• **Task objective**: The listing below holds a line with "#46=ADVANCED_FACE('F30',(#34,#45),#23,.T.);" and a later line with "#68=CARTESIAN_POINT('',(0.,0.,155000.));". Write out those two lines and every line between them, exactly, and nothing else.

• **Dataset excerpts**:
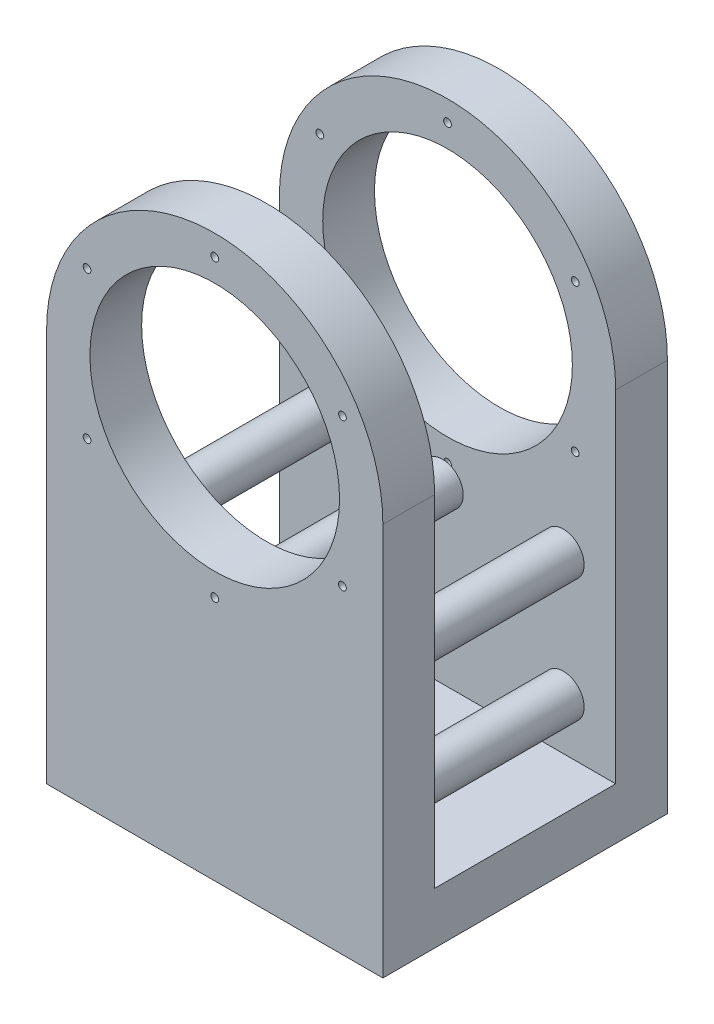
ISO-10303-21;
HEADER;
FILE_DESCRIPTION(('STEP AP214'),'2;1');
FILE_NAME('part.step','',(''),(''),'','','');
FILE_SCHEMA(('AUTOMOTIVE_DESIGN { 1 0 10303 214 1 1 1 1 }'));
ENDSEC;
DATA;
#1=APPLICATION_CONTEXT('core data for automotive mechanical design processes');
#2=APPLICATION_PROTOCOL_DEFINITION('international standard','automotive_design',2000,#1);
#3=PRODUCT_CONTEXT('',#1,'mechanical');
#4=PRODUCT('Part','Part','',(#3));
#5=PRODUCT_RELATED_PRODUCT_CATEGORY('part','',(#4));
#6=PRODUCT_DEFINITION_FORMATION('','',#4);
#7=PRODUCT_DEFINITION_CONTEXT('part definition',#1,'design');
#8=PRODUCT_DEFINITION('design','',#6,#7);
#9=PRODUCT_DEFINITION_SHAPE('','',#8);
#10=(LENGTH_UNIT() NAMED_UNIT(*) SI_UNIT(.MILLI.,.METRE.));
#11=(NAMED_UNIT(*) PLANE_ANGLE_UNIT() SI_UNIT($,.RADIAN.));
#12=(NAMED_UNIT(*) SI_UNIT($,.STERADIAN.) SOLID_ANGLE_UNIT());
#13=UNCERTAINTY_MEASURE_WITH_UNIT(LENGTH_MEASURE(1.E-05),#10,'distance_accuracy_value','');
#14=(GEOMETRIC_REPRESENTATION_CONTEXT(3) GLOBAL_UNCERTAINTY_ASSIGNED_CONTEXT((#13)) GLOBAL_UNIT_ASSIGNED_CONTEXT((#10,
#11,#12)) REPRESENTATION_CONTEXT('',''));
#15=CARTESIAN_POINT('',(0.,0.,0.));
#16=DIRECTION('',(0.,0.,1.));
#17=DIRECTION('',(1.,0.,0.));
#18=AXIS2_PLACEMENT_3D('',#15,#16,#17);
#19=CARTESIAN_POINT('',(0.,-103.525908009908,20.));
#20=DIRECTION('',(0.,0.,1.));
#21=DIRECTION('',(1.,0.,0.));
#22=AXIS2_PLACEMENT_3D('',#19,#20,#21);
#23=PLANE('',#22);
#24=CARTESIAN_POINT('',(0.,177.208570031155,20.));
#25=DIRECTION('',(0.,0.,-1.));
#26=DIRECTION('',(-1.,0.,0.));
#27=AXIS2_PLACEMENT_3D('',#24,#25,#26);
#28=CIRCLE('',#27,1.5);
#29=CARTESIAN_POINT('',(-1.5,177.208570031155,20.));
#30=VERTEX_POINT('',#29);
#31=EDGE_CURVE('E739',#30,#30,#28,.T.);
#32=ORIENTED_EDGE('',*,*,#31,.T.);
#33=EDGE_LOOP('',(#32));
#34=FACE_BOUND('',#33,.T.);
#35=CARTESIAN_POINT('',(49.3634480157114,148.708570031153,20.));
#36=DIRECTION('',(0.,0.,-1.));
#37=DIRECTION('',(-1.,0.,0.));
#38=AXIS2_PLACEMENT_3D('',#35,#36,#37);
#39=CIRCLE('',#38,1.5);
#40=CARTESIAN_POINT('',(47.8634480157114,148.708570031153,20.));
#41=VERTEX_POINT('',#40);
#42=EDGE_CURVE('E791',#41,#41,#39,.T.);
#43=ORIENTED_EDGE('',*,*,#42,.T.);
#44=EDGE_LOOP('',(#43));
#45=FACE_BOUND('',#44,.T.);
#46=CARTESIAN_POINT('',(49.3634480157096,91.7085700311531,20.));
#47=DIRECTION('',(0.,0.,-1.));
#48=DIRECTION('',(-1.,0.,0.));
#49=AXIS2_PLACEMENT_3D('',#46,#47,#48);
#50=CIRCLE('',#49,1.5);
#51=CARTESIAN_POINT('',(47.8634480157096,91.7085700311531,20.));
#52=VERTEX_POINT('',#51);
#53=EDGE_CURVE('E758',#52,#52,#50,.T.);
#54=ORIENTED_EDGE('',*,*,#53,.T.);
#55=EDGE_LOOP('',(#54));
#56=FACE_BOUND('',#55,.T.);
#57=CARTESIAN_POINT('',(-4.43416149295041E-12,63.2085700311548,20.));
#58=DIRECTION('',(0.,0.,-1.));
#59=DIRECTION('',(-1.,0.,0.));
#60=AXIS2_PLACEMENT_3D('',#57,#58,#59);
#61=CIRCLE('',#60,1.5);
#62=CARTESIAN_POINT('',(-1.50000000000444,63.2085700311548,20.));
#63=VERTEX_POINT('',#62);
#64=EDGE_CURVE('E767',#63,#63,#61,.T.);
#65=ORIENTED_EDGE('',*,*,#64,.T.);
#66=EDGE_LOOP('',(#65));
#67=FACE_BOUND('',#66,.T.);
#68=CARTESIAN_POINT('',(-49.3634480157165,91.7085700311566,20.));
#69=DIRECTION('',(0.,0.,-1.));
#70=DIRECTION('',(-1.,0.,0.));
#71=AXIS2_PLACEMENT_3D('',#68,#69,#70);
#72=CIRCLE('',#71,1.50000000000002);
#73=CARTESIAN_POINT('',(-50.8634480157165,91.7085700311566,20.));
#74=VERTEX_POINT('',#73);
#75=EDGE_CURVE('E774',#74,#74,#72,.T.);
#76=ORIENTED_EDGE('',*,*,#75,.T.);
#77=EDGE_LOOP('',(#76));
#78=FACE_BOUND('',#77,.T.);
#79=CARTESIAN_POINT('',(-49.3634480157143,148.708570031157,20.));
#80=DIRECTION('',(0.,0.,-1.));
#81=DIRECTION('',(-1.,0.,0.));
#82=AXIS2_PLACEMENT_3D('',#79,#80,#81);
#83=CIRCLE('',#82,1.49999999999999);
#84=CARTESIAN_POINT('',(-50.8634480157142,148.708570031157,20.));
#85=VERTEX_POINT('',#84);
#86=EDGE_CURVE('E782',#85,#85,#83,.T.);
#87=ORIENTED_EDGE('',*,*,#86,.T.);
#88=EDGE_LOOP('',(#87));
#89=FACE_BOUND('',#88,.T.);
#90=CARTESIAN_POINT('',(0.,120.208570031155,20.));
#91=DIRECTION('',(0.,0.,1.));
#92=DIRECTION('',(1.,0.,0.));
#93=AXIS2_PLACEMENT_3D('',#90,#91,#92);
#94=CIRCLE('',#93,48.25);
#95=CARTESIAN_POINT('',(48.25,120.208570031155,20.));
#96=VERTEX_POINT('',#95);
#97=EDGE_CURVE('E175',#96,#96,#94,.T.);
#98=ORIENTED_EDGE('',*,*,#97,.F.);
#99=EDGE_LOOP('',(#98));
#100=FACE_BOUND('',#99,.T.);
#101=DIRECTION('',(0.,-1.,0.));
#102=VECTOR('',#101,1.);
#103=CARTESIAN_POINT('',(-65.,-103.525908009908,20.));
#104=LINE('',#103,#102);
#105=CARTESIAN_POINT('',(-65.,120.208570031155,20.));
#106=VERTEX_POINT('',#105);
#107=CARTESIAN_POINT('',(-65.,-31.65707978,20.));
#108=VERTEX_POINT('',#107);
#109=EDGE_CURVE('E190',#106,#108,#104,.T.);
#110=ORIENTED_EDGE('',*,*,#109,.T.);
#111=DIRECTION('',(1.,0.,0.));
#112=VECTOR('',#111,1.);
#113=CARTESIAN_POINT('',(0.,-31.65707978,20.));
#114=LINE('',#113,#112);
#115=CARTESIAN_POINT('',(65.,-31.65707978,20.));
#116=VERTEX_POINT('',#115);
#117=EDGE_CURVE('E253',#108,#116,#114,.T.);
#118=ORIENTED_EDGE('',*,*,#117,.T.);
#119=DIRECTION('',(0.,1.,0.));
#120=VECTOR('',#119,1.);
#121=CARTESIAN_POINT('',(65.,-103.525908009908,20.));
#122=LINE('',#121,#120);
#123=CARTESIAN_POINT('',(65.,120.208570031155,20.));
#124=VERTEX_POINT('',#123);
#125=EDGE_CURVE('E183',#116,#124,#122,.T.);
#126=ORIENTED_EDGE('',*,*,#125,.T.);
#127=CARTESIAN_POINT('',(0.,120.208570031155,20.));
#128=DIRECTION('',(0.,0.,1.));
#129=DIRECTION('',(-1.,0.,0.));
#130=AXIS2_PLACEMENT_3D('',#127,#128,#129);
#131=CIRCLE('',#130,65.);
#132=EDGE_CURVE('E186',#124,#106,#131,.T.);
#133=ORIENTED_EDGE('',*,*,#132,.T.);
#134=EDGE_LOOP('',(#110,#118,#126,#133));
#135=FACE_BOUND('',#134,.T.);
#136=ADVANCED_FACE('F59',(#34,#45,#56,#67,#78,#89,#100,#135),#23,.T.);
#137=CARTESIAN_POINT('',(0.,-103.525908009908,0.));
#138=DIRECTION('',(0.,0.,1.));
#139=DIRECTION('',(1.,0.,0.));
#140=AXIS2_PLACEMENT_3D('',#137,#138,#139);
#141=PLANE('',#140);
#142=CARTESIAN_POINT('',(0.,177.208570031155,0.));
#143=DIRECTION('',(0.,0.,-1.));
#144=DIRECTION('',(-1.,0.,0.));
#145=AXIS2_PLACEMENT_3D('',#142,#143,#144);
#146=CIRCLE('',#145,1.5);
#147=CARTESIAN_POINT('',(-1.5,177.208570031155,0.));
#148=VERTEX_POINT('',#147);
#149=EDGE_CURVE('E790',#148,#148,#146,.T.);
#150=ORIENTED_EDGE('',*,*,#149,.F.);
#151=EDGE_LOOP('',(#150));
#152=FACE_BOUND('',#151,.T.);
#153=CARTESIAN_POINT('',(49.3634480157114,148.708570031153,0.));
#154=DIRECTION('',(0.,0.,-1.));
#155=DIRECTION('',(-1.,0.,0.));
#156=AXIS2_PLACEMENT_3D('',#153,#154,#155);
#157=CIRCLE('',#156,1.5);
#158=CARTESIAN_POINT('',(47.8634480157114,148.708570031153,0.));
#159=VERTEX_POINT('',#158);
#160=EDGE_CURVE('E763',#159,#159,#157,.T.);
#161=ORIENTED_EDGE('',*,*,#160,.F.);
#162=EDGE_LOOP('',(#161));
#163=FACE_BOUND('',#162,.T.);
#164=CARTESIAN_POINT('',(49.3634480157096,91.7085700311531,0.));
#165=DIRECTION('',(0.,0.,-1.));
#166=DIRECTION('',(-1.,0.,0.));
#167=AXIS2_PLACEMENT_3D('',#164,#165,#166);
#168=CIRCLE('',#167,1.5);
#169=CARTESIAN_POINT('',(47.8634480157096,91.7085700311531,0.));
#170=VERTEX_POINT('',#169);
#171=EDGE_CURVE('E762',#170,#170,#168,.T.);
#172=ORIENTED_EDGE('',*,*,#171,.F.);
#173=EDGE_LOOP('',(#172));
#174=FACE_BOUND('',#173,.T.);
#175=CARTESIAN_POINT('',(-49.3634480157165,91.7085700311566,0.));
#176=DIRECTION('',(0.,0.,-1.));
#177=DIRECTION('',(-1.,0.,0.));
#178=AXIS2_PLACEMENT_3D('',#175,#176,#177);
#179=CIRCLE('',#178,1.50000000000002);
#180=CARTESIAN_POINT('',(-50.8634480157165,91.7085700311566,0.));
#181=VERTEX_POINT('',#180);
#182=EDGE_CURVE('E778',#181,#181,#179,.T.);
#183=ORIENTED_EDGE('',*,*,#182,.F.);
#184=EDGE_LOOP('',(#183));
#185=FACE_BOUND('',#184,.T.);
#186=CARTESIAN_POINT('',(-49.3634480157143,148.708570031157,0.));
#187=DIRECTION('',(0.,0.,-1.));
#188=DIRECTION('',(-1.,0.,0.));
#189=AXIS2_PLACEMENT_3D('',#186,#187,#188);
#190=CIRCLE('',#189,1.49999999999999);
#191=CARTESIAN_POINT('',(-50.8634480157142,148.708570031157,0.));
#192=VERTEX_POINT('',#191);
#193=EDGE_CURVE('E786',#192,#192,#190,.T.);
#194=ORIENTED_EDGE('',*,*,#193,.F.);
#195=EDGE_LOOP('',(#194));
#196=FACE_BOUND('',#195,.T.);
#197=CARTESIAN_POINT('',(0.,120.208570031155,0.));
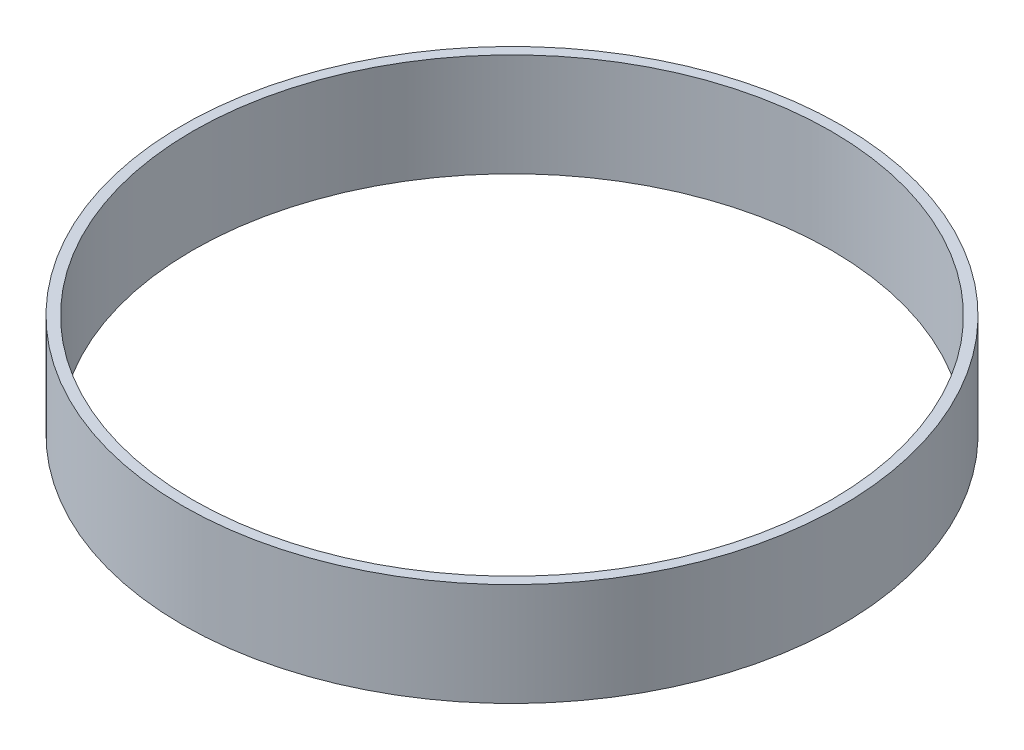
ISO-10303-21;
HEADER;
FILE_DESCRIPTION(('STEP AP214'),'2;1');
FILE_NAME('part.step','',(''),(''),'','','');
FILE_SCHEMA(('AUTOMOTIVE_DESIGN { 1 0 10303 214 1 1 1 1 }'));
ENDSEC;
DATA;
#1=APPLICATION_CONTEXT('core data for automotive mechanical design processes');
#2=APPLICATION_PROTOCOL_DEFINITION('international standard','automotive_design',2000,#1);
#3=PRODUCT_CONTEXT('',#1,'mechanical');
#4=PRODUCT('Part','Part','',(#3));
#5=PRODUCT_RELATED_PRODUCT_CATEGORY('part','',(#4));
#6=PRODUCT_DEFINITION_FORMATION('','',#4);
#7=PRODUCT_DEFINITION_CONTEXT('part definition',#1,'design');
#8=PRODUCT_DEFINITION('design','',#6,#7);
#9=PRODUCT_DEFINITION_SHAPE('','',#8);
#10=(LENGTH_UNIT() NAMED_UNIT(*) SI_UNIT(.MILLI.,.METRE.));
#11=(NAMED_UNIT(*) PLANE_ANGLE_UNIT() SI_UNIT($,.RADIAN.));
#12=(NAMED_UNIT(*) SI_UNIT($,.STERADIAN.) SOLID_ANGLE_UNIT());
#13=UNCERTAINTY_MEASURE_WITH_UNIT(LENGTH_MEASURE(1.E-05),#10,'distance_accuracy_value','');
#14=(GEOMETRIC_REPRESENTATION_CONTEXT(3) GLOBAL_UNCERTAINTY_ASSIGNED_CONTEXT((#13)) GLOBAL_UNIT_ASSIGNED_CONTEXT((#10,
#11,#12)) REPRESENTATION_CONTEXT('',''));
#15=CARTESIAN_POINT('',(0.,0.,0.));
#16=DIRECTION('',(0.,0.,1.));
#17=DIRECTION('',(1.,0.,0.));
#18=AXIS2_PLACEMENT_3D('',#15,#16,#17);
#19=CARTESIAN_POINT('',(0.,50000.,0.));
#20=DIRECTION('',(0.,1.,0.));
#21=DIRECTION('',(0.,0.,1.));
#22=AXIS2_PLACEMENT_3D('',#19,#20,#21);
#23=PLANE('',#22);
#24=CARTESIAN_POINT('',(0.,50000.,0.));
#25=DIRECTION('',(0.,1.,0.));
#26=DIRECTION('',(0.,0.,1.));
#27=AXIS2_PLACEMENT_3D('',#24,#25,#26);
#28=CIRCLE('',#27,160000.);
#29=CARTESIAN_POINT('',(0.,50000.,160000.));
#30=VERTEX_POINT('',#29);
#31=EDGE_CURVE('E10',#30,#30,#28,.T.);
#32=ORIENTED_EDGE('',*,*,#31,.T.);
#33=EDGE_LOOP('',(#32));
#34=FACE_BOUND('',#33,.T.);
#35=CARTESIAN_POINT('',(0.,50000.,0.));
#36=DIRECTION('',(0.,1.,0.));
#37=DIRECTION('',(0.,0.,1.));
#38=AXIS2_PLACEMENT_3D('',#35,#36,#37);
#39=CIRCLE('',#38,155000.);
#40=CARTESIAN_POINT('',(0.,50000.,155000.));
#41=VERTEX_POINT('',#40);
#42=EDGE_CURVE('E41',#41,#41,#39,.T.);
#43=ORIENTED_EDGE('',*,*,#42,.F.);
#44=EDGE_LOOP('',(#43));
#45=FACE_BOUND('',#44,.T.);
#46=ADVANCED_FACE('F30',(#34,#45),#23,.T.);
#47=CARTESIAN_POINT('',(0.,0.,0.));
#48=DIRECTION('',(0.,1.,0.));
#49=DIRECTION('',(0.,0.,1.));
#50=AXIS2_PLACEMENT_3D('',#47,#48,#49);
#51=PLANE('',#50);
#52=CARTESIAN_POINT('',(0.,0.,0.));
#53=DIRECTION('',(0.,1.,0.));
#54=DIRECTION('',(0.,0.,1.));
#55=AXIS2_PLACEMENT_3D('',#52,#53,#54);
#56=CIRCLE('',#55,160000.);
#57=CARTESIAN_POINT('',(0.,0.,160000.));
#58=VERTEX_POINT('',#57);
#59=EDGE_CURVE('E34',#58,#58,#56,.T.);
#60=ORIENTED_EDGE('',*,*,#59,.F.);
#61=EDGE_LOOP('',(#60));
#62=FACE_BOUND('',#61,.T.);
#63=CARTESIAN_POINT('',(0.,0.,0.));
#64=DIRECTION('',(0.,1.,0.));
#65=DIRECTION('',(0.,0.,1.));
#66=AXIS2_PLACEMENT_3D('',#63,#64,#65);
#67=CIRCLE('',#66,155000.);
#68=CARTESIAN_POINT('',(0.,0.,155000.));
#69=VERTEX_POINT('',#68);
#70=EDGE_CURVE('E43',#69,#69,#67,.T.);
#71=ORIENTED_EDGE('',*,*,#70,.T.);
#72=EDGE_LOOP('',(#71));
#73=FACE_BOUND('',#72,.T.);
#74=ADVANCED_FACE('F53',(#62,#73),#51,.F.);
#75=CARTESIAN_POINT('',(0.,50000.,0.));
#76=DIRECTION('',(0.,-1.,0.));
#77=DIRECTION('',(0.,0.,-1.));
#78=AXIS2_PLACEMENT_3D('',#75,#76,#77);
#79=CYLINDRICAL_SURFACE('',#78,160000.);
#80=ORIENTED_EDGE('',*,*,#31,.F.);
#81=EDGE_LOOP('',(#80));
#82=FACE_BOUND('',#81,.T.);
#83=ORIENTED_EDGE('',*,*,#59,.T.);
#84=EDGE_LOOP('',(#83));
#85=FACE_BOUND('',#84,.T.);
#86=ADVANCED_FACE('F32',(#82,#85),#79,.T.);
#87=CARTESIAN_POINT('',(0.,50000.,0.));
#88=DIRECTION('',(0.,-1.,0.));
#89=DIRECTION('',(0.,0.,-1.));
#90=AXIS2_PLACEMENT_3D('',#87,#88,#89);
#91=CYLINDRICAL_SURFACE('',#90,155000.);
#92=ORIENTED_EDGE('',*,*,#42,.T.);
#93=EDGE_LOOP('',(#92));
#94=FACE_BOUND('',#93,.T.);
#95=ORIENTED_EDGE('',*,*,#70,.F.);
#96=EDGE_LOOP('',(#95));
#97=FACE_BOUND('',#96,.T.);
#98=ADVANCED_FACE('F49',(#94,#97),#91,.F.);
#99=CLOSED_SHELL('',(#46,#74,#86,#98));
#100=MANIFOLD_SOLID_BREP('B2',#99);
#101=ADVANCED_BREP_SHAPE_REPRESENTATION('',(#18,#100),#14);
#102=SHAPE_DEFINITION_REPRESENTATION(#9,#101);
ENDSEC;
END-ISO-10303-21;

• **Response for this exercise**:
#46=ADVANCED_FACE('F30',(#34,#45),#23,.T.);
#47=CARTESIAN_POINT('',(0.,0.,0.));
#48=DIRECTION('',(0.,1.,0.));
#49=DIRECTION('',(0.,0.,1.));
#50=AXIS2_PLACEMENT_3D('',#47,#48,#49);
#51=PLANE('',#50);
#52=CARTESIAN_POINT('',(0.,0.,0.));
#53=DIRECTION('',(0.,1.,0.));
#54=DIRECTION('',(0.,0.,1.));
#55=AXIS2_PLACEMENT_3D('',#52,#53,#54);
#56=CIRCLE('',#55,160000.);
#57=CARTESIAN_POINT('',(0.,0.,160000.));
#58=VERTEX_POINT('',#57);
#59=EDGE_CURVE('E34',#58,#58,#56,.T.);
#60=ORIENTED_EDGE('',*,*,#59,.F.);
#61=EDGE_LOOP('',(#60));
#62=FACE_BOUND('',#61,.T.);
#63=CARTESIAN_POINT('',(0.,0.,0.));
#64=DIRECTION('',(0.,1.,0.));
#65=DIRECTION('',(0.,0.,1.));
#66=AXIS2_PLACEMENT_3D('',#63,#64,#65);
#67=CIRCLE('',#66,155000.);
#68=CARTESIAN_POINT('',(0.,0.,155000.));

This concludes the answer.